Midjourney×Illustratorでアイコン制作|AI画像をベクター化する完全ガイド

「せっかく生成AIでいい感じの画像が出せたのに、データ化がうまくいかない」——そんな悩み、ありませんか?

AIで作った画像をそのまま使うのではなく、自分で色や形を自在にアレンジできたら…と思ったことがある方に朗報です。

Midjourneyで発想を広げ、Illustratorでベクター化して“使えるデータ”に整える。

この組み合わせを活用すれば、AI画像を単なる参考素材ではなく、実際にプロジェクトで使えるデザインデータとして活用できます。

この記事では、Midjourneyで生成した画像をIllustratorでベクター化し、アプリやWebサイトで使えるアイコンに仕上げる完全ワークフローを解説します。

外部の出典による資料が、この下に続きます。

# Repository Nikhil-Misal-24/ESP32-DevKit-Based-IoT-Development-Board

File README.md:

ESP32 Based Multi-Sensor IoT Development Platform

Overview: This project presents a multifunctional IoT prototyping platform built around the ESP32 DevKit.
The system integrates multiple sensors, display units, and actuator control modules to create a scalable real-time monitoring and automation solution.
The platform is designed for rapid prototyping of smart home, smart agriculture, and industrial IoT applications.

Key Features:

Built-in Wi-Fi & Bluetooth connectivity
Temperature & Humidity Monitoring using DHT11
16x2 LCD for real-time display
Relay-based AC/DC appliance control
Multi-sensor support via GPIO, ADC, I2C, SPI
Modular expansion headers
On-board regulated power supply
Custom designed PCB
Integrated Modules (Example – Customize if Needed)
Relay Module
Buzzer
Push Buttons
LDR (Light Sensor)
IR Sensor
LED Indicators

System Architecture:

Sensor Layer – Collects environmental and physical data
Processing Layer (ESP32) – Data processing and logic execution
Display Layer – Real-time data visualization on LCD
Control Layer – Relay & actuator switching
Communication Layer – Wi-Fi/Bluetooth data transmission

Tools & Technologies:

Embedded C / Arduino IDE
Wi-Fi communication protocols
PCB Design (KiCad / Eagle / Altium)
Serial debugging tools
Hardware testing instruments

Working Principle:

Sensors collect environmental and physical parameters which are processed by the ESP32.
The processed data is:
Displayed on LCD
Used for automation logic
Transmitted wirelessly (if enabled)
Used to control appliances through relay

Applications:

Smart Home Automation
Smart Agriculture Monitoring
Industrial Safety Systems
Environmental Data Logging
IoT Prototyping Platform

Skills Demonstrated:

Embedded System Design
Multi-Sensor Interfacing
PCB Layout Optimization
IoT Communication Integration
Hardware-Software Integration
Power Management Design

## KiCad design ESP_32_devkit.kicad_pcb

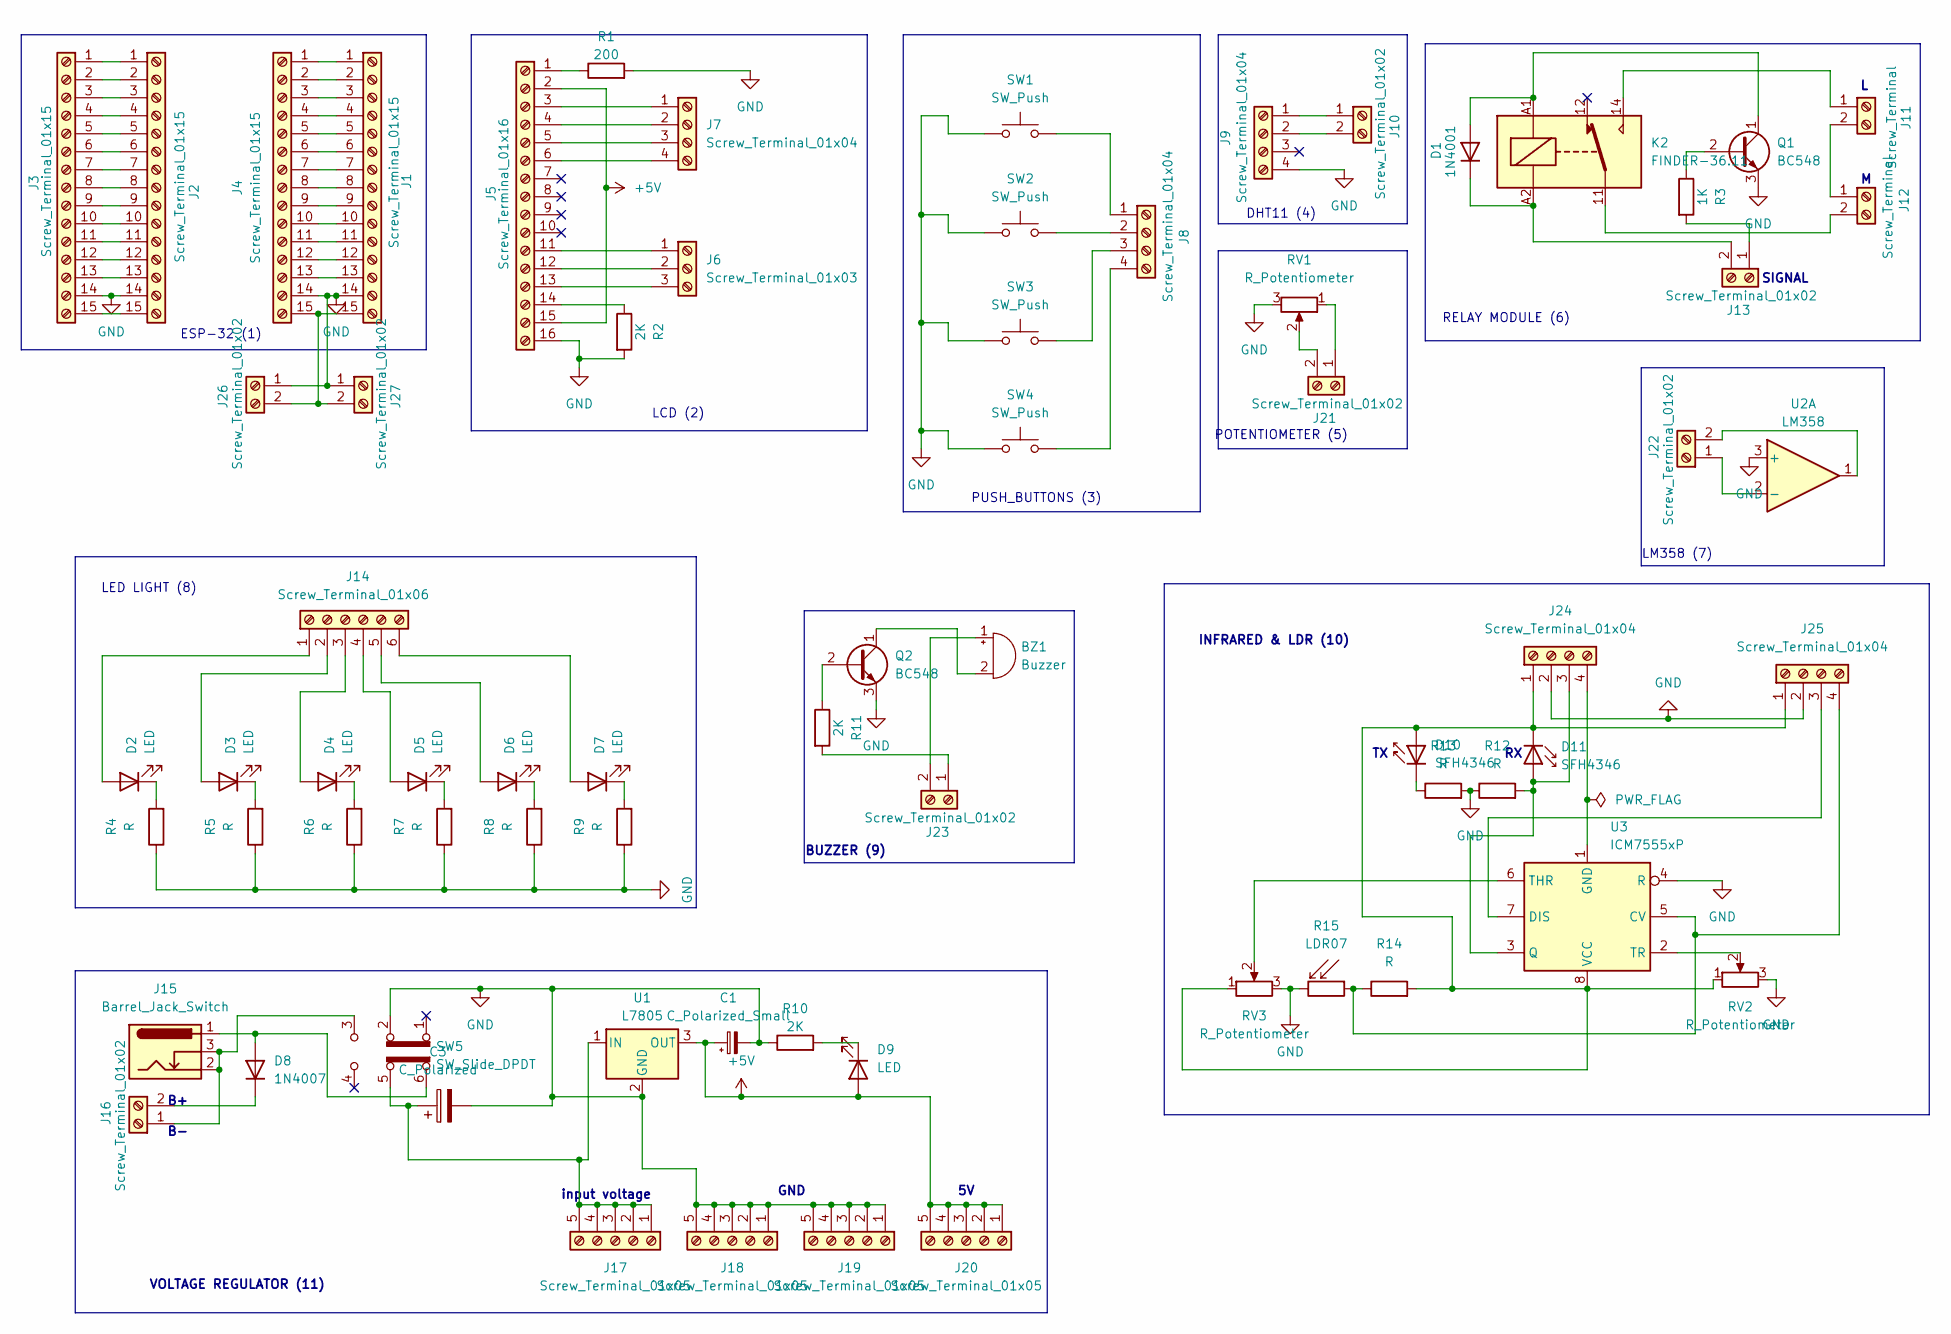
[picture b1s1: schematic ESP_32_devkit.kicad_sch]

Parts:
BZ1: Buzzer; Buzzer_12x9.5RM7.6
C1: C_Polarized_Small; CP_Radial_D4.0mm_P1.50mm
C3: C_Polarized; CP_Radial_D8.0mm_P3.50mm
D1: 1N4001; D_DO-41_SOD81_P10.16mm_Horizontal
D2, D3, D4, D5, D6, D7, D9: LED; LED_D5.0mm
D8: 1N4007; D_DO-41_SOD81_P10.16mm_Horizontal
D10, D11: SFH4346; LED_D3.0mm_IRBlack
J1, J3: Screw_Terminal_01x15; PinHeader_1x15_P2.54mm_Vertical
J2, J4: Screw_Terminal_01x15; PinSocket_1x15_P2.54mm_Vertical
J5: Screw_Terminal_01x16; PinHeader_1x16_P2.54mm_Vertical
J6: Screw_Terminal_01x03; PinHeader_1x03_P2.54mm_Vertical
J7, J8, J9, J24, J25: Screw_Terminal_01x04; PinHeader_1x04_P2.54mm_Vertical
J10, J13, J21, J22, J23, J26, J27: Screw_Terminal_01x02; PinHeader_1x02_P2.54mm_Vertical
J11, J12: Screw_Terminal; TerminalBlock_bornier-2_P5.08mm
J14: Screw_Terminal_01x06; PinHeader_1x06_P2.54mm_Vertical
J15: Barrel_Jack_Switch; BarrelJack_GCT_DCJ200-10-A_Horizontal
J16: Screw_Terminal_01x02; TerminalBlock_bornier-2_P5.08mm
J17, J18, J19, J20: Screw_Terminal_01x05; PinHeader_1x05_P2.54mm_Vertical
K2: FINDER-36.11; Relay_SPDT_Finder_36.11
Q1, Q2: BC548; TO-92L_HandSolder
R1: 200; R_Axial_DIN0309_L9.0mm_D3.2mm_P12.70mm_Horizontal
R2, R10, R11: 2K; R_Axial_DIN0309_L9.0mm_D3.2mm_P12.70mm_Horizontal
R3: 1K; R_Axial_DIN0309_L9.0mm_D3.2mm_P12.70mm_Horizontal
R4, R5, R6, R7, R8, R9, R12, R13, R14: R; R_Axial_DIN0309_L9.0mm_D3.2mm_P12.70mm_Horizontal
R15: LDR07; R_LDR_5.1x4.3mm_P3.4mm_Vertical
RV1, RV2, RV3: R_Potentiometer; Potentiometer_Runtron_RM-065_Vertical
SW1, SW2, SW3, SW4: SW_Push; SW_PUSH_6mm
SW5: SW_Slide_DPDT; SW_Push_2P2T_Toggle_CK_PVA2OAH5xxxxxxV2
U1: L7805; TO-220-3_Vertical
U2: LM358; TO-92L_Inline
U3: ICM7555xP; DIP-8_W7.62mm

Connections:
+5V: C1.1, D9.2 (A), J5.2, J5.15, J20.1, J20.2, J20.3, J20.4, J20.5, U1.3 (OUT)
GND: C1.2, C3.2, J1.14, J2.14, J3.14, J4.14, J5.16, J9.4, J18.1, J18.2, J18.3, J18.4, J18.5, J19.1, J19.2, J19.3, J19.4, J19.5, J24.2, J25.2, J26.1, J27.1, Q1.3 (E), Q2.3 (E), R1.2, R2.2, R4.1, R5.1, R6.1, R7.1, R8.1, R9.1, R10.1, R12.1, R13.2, R15.2, RV1.3, RV2.3, RV3.3, SW1.1, SW2.1, SW3.1, SW4.1, SW5.2 (B), U1.2 (GND), U2.3 (+), U3.4 (R)
unnamed: BZ1.1 (+), J23.2
unnamed: BZ1.2 (-), Q2.1 (C)
unnamed: D1.2 (A), K2.A1, Q1.1 (C)
unnamed: D1.1 (K), J13.2, K2.A2
unnamed: D2.2 (A), J14.1
unnamed: D2.1 (K), R4.2
unnamed: D3.2 (A), J14.2
unnamed: D3.1 (K), R5.2
unnamed: D4.2 (A), J14.3
unnamed: D4.1 (K), R6.2
unnamed: D5.2 (A), J14.4
unnamed: D5.1 (K), R7.2
unnamed: D6.2 (A), J14.5
unnamed: D6.1 (K), R8.2
unnamed: D7.2 (A), J14.6
unnamed: D7.1 (K), R9.2
unnamed: D8.2 (A), J15.1, SW5.6 (C)
unnamed: D8.1 (K), J16.2
unnamed: D9.1 (K), R10.2
unnamed: D10.2 (A), D11.1 (K), J24.1, J25.1, R14.2, RV2.1, RV3.1, U3.8 (VCC)
unnamed: D10.1 (K), R13.1
unnamed: D11.2 (A), J24.3, R12.2, U3.3 (Q)
unnamed: J1.1, J4.1
unnamed: J1.2, J4.2
unnamed: J1.3, J4.3
unnamed: J1.4, J4.4
unnamed: J1.5, J4.5
unnamed: J1.6, J4.6
unnamed: J1.7, J4.7
unnamed: J1.8, J4.8
unnamed: J1.9, J4.9
unnamed: J1.10, J4.10
unnamed: J1.11, J4.11
unnamed: J1.12, J4.12
unnamed: J1.13, J4.13
unnamed: J1.15, J4.15, J26.2, J27.2
unnamed: J2.1, J3.1
unnamed: J2.2, J3.2
unnamed: J2.3, J3.3
unnamed: J2.4, J3.4
unnamed: J2.5, J3.5
unnamed: J2.6, J3.6
unnamed: J2.7, J3.7
unnamed: J2.8, J3.8
unnamed: J2.9, J3.9
unnamed: J2.10, J3.10
unnamed: J2.11, J3.11
unnamed: J2.12, J3.12
unnamed: J2.13, J3.13
unnamed: J2.15, J3.15
unnamed: J5.1, R1.1
unnamed: J5.3, J7.1
unnamed: J5.4, J7.2
unnamed: J5.5, J7.3
unnamed: J5.6, J7.4
unnamed: J5.11, J6.1
unnamed: J5.12, J6.2
unnamed: J5.13, J6.3
unnamed: J5.14, R2.1
unnamed: J8.1, SW1.2
unnamed: J8.2, SW2.2
unnamed: J8.3, SW3.2
unnamed: J8.4, SW4.2
unnamed: J9.1, J10.1
unnamed: J9.2, J10.2
unnamed: J11.1, K2.14
unnamed: J11.2, J12.1
unnamed: J12.2, K2.11
unnamed: J13.1, R3.2
unnamed: J15.2, J15.3, J16.1, SW5.3 (C)
unnamed: C3.1, J17.1, J17.2, J17.3, J17.4, J17.5, SW5.5 (B), U1.1 (IN)
unnamed: J21.1, RV1.1
unnamed: J21.2, RV1.2
unnamed: J22.1, U2.2 (-)
unnamed: J22.2, U2.1
unnamed: J23.1, R11.2
unnamed: J24.4, U3.1 (GND)
unnamed: J25.3, U3.7 (DIS)
unnamed: J25.4, R14.1, R15.1, U3.5 (CV)
unnamed: Q1.2 (B), R3.1
unnamed: Q2.2 (B), R11.1
unnamed: RV3.2, U3.6 (THR)
unnamed: RV2.2, U3.2 (TR)

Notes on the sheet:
BUZZER (9)
SIGNAL
RELAY MODULE (6)
input voltage
LCD (2)
PUSH_BUTTONS (3)
ESP-32 (1)
POTENTIOMETER (5)
DHT11 (4)
INFRARED & LDR (10)
VOLTAGE REGULATOR (11)
GND
LM358 (7)
LED LIGHT (8)

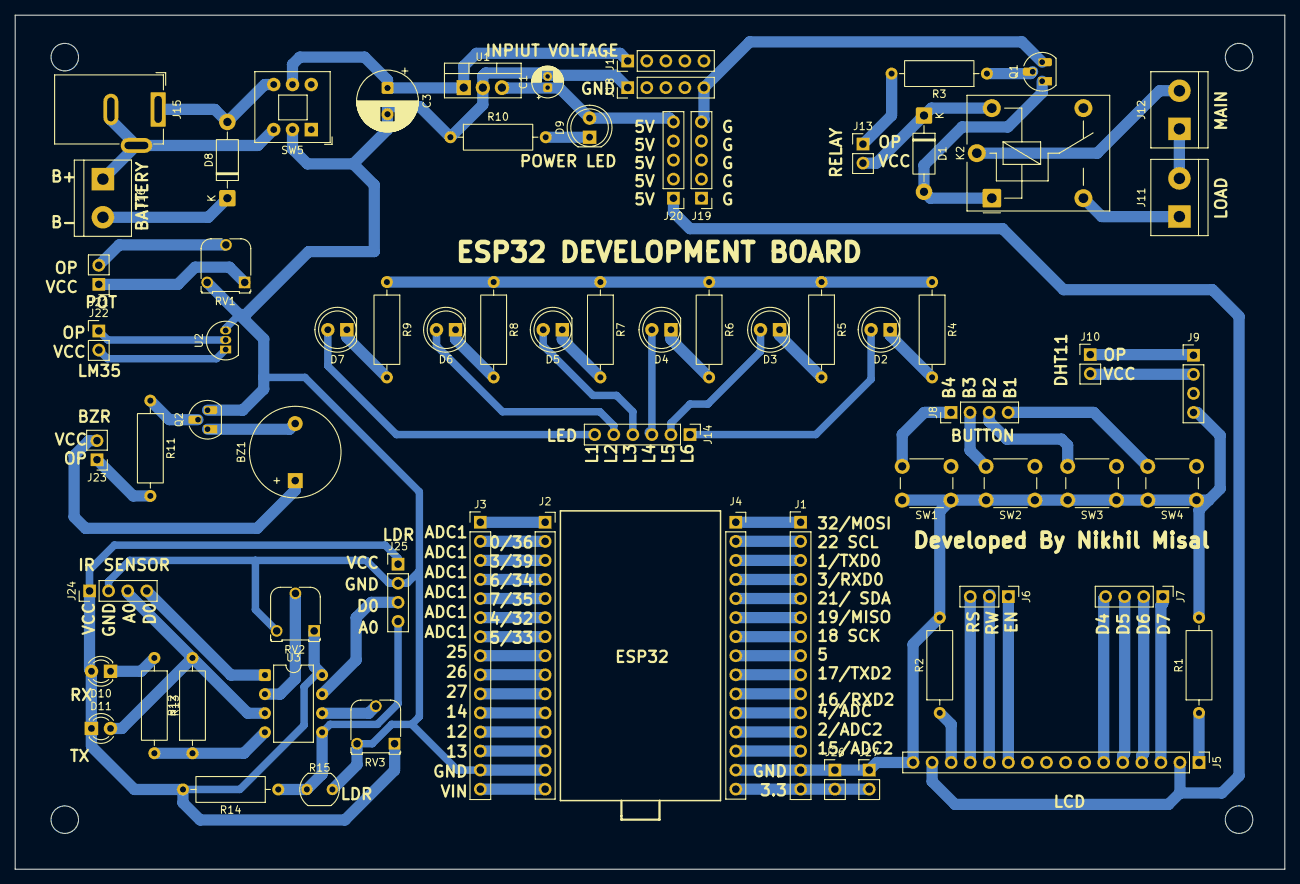
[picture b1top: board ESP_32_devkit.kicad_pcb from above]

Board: 2 copper layers, 169.2 x 113.8 mm, 70 parts (0 on the bottom side), 85 nets.

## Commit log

2026-03-03 Tered Commit
2026-03-03 Add README for ESP32 IoT Development Platform
    Added detailed project overview, key features, system architecture, tools, working principle, applications, and skills demonstrated for the ESP32 Based Multi-Sensor IoT Development Platform.

実際のプロンプト例や調整のコツ、よくある失敗例も紹介しながら、今日から実践できる手順をお伝えします。

【保存版】Nijijourney(Midjourney)プロンプト入門:実例10選とリファイン術 | クリエイターのためのAI活用法

なぜ今、Midjourney×Illustratorなのか

生成AIの“ここからどう使うか”問題

Midjourneyで理想的なビジュアルを生成できたものの、「このままではデータとして扱えない」「微調整ができない」と感じたことはありませんか?

AIが生み出す画像は美しい一方で再利用や編集が難しい“完成品すぎる素材”でもあります。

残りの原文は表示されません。